I've not heard anything back from your trade team, could you give them a nudge please


----------



## BBWarehouse (Mar 31, 2008)

rsooty said:


> Hi. Thanks for that. I think £300 would be feesable, providing them details would be impossible as it's a small non profit gym, so it's not registered as a business. I could provide my own eBay business details, but these are nothing to do with sports nutrition so doubt it would be any use. If you could pm me with details on discounts with a £300 order I will contact the committee members as it would need to be agreed by them all.


As you've the gym address that'd work for us  I've inboxed you now for contact details so we can get in touch


----------



## BBWarehouse (Mar 31, 2008)

fullyloaded said:


> I tried this before, but the profit margines were minimal
> 
> Where in the uk are you?


It really depends on the ranges you're looking at - if you're looking to stock and sell something like BSN Syntha 6 at lower prices than anyone else, you won't succeed. Those products are already sold at a NET margin by many suppliers simply to entice customers in.

On the other hand there are products and brands out there with more stable margins - if you'd like to have a chat with one of our wholesale reps, they'd be able to give you advice on what brands and products would work well for your customers, are most popular with our customers, and would give you a decent return


----------



## fullyloaded (May 23, 2011)

BBWarehouse said:


> It really depends on the ranges you're looking at - if you're looking to stock and sell something like BSN Syntha 6 at lower prices than anyone else, you won't succeed. Those products are already sold at a NET margin by many suppliers simply to entice customers in.
> 
> On the other hand there are products and brands out there with more stable margins - if you'd like to have a chat with one of our wholesale reps, they'd be able to give you advice on what brands and products would work well for your customers, are most popular with our customers, and would give you a decent return


You were the main trader we were dealing with, unfortunately your pricing didn't suit us as we couldn't compete against other online retailers.


----------



## BBWarehouse (Mar 31, 2008)

fullyloaded said:


> You were the main trader we were dealing with, unfortunately your pricing didn't suit us as we couldn't compete against other online retailers.
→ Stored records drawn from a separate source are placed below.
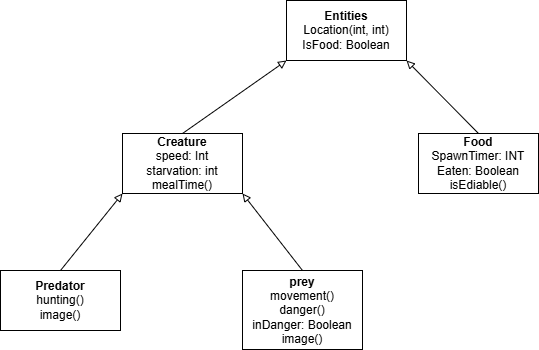

The diagram above was exported from draw.io. Its source (the exported page's mxGraphModel, read from the mxfile embedded in the PNG):
<mxGraphModel dx="1030" dy="562" grid="0" gridSize="10" guides="1" tooltips="1" connect="1" arrows="1" fold="1" page="1" pageScale="1" pageWidth="850" pageHeight="1100" math="0" shadow="0">
  <root>
    <mxCell id="0" />
    <mxCell id="1" parent="0" />
    <mxCell id="7f_bnWKHntj-AM78w669-1" parent="1" style="rounded=0;whiteSpace=wrap;html=1;" value="&lt;b&gt;Creature&lt;/b&gt;&lt;div&gt;speed: Int&lt;br&gt;&lt;span style=&quot;background-color: transparent; color: light-dark(rgb(0, 0, 0), rgb(255, 255, 255));&quot;&gt;starvation: int&lt;/span&gt;&lt;/div&gt;&lt;div&gt;mealTime()&lt;/div&gt;" vertex="1">
      <mxGeometry height="60" width="120" x="136" y="223" as="geometry" />
    </mxCell>
    <mxCell id="7f_bnWKHntj-AM78w669-2" parent="1" style="rounded=0;whiteSpace=wrap;html=1;" value="&lt;b&gt;Predator&lt;/b&gt;&lt;div&gt;hunting()&lt;/div&gt;&lt;div&gt;image()&lt;/div&gt;" vertex="1">
      <mxGeometry height="60" width="120" x="14" y="360" as="geometry" />
    </mxCell>
    <mxCell id="7f_bnWKHntj-AM78w669-3" parent="1" style="rounded=0;whiteSpace=wrap;html=1;" value="&lt;b&gt;prey&lt;/b&gt;&lt;div&gt;movement()&lt;/div&gt;&lt;div&gt;danger()&lt;/div&gt;&lt;div&gt;inDanger: Boolean&lt;/div&gt;&lt;div&gt;image()&lt;/div&gt;" vertex="1">
      <mxGeometry height="79" width="120" x="256" y="360" as="geometry" />
    </mxCell>
    <mxCell id="7f_bnWKHntj-AM78w669-4" edge="1" parent="1" source="7f_bnWKHntj-AM78w669-2" style="endArrow=block;html=1;rounded=0;entryX=0;entryY=1;entryDx=0;entryDy=0;exitX=0.5;exitY=0;exitDx=0;exitDy=0;endFill=0;" target="7f_bnWKHntj-AM78w669-1" value="">
      <mxGeometry height="50" relative="1" width="50" as="geometry">
        <mxPoint x="65" y="354" as="sourcePoint" />
        <mxPoint x="115" y="304" as="targetPoint" />
      </mxGeometry>
    </mxCell>
    <mxCell id="7f_bnWKHntj-AM78w669-6" edge="1" parent="1" source="7f_bnWKHntj-AM78w669-3" style="endArrow=block;html=1;rounded=0;entryX=1;entryY=1;entryDx=0;entryDy=0;exitX=0.5;exitY=0;exitDx=0;exitDy=0;endFill=0;" target="7f_bnWKHntj-AM78w669-1" value="">
      <mxGeometry height="50" relative="1" width="50" as="geometry">
        <mxPoint x="283" y="332" as="sourcePoint" />
        <mxPoint x="333" y="282" as="targetPoint" />
      </mxGeometry>
    </mxCell>
    <mxCell id="7f_bnWKHntj-AM78w669-7" edge="1" parent="1" source="7f_bnWKHntj-AM78w669-1" style="endArrow=block;html=1;rounded=0;exitX=0.5;exitY=0;exitDx=0;exitDy=0;endFill=0;" value="">
      <mxGeometry height="50" relative="1" width="50" as="geometry">
        <mxPoint x="200" y="222" as="sourcePoint" />
        <mxPoint x="300" y="150" as="targetPoint" />
      </mxGeometry>
    </mxCell>
    <mxCell id="7f_bnWKHntj-AM78w669-8" parent="1" style="rounded=0;whiteSpace=wrap;html=1;" value="&lt;b&gt;Entities&lt;/b&gt;&lt;div&gt;Location(int, int)&lt;/div&gt;&lt;div&gt;IsFood: Boolean&lt;/div&gt;" vertex="1">
      <mxGeometry height="60" width="120" x="300" y="90" as="geometry" />
    </mxCell>
    <mxCell id="7f_bnWKHntj-AM78w669-9" parent="1" style="rounded=0;whiteSpace=wrap;html=1;" value="&lt;b&gt;Food&lt;/b&gt;&lt;div&gt;SpawnTimer: INT&lt;/div&gt;&lt;div&gt;Eaten: Boolean&lt;/div&gt;&lt;div&gt;isEdiable()&lt;/div&gt;" vertex="1">
      <mxGeometry height="60" width="120" x="432" y="223" as="geometry" />
    </mxCell>
    <mxCell id="7f_bnWKHntj-AM78w669-10" edge="1" parent="1" source="7f_bnWKHntj-AM78w669-9" style="endArrow=block;html=1;rounded=0;entryX=1;entryY=1;entryDx=0;entryDy=0;exitX=0.5;exitY=0;exitDx=0;exitDy=0;endFill=0;" target="7f_bnWKHntj-AM78w669-8" value="">
      <mxGeometry height="50" relative="1" width="50" as="geometry">
        <mxPoint x="419" y="213" as="sourcePoint" />
        <mxPoint x="469" y="163" as="targetPoint" />
      </mxGeometry>
    </mxCell>
  </root>
</mxGraphModel>

Can you inbox me what brands you were looking for and we'll take another look? I'd be happy to double check your pricing and see what we can do!


----------



## Wheyman (Sep 6, 2011)

rsooty said:


> Can you pm me some example trade prices please? I did like your sample when I got one before.


Sure mate but an email address would be better so I can attache the list


----------



## rsooty (Oct 21, 2012)

Wheyman said:


> Sure mate but an email address would be better so I can attache the list


I'll send you a pm now


----------



## Wheyman (Sep 6, 2011)

cheers received will get you a trade list over


----------